Segment Start: Working data

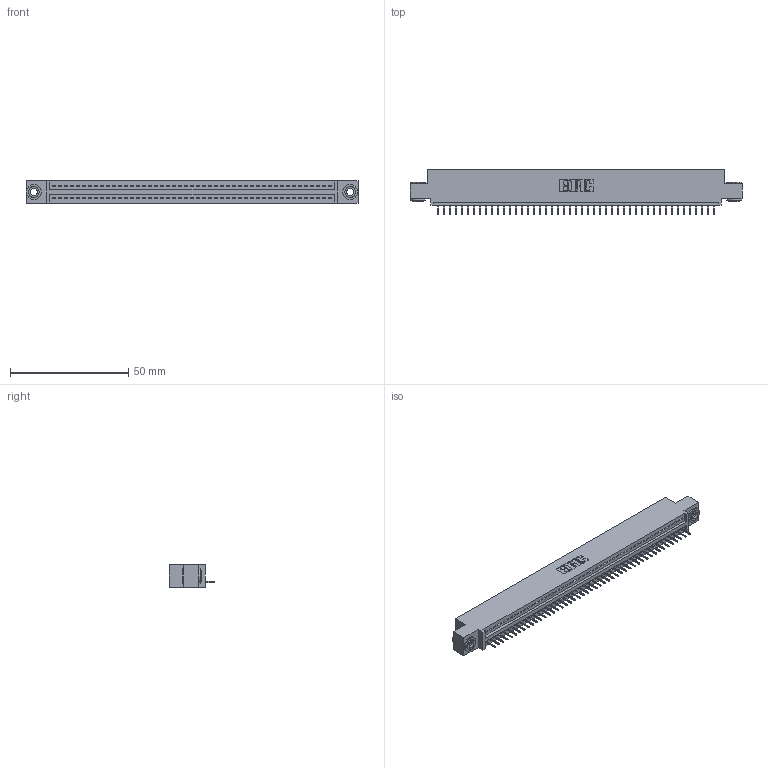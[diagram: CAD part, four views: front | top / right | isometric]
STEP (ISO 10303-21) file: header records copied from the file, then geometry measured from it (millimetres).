
FILE_DESCRIPTION (( 'STEP AP203' ), '1' );
FILE_NAME ('395-047-524-403.STEP', '2019-10-22T23:24:19', ( '' ), ( '' ), 'SwSTEP 2.0', 'SolidWorks 2016', '' );
FILE_SCHEMA (( 'CONFIG_CONTROL_DESIGN' ));
Length unit declared in the file: inch
Products named in the file (4): 395-047-524-403; 345-250-002_345-250-002-102; 345-292-001_345-293-124; 345 Part_0.110 Offset - 0.156 Dia-TH
Assembly tree (50 placements, depth 2):
  395-047-524-403
    345 Part_0.110 Offset - 0.156 Dia-TH
    345-292-001_345-293-124  x47
    345-250-002_345-250-002-102  x2
Bounding box: 140.59 x 19.35 x 9.4 mm (x, y, z)
Volume: 13154.6 mm3; surface area: 17252 mm2
Topology: 50 solids, 50 shells, 3082 faces, 8889 edges, 5734 vertices
Faces by surface type: plane 2256, cylinder 818, cone 8
Entity records: 35556 total; most frequent: CARTESIAN_POINT 6136, ORIENTED_EDGE 6110, DIRECTION 5383, EDGE_CURVE 3055, VECTOR 2715, LINE 2715, VERTEX_POINT 2030, AXIS2_PLACEMENT_3D 1334

Segment End: Working data

◆ **Work task**
Repeat the records word for word. Leave out whatever pictures they hold.

◆ **Output for this exercise**
[diagram: CAD part, four views: front | top / right | isometric]
STEP (ISO 10303-21) file: header records copied from the file, then geometry measured from it (millimetres).
FILE_DESCRIPTION (( 'STEP AP203' ), '1' );
FILE_NAME ('395-047-524-403.STEP', '2019-10-22T23:24:19', ( '' ), ( '' ), 'SwSTEP 2.0', 'SolidWorks 2016', '' );
FILE_SCHEMA (( 'CONFIG_CONTROL_DESIGN' ));
Length unit declared in the file: inch
Products named in the file (4): 395-047-524-403; 345-250-002_345-250-002-102; 345-292-001_345-293-124; 345 Part_0.110 Offset - 0.156 Dia-TH
Assembly tree (50 placements, depth 2):
  395-047-524-403
    345 Part_0.110 Offset - 0.156 Dia-TH
    345-292-001_345-293-124  x47
    345-250-002_345-250-002-102  x2
Bounding box: 140.59 x 19.35 x 9.4 mm (x, y, z)
Volume: 13154.6 mm3; surface area: 17252 mm2
Topology: 50 solids, 50 shells, 3082 faces, 8889 edges, 5734 vertices
Faces by surface type: plane 2256, cylinder 818, cone 8
Entity records: 35556 total; most frequent: CARTESIAN_POINT 6136, ORIENTED_EDGE 6110, DIRECTION 5383, EDGE_CURVE 3055, VECTOR 2715, LINE 2715, VERTEX_POINT 2030, AXIS2_PLACEMENT_3D 1334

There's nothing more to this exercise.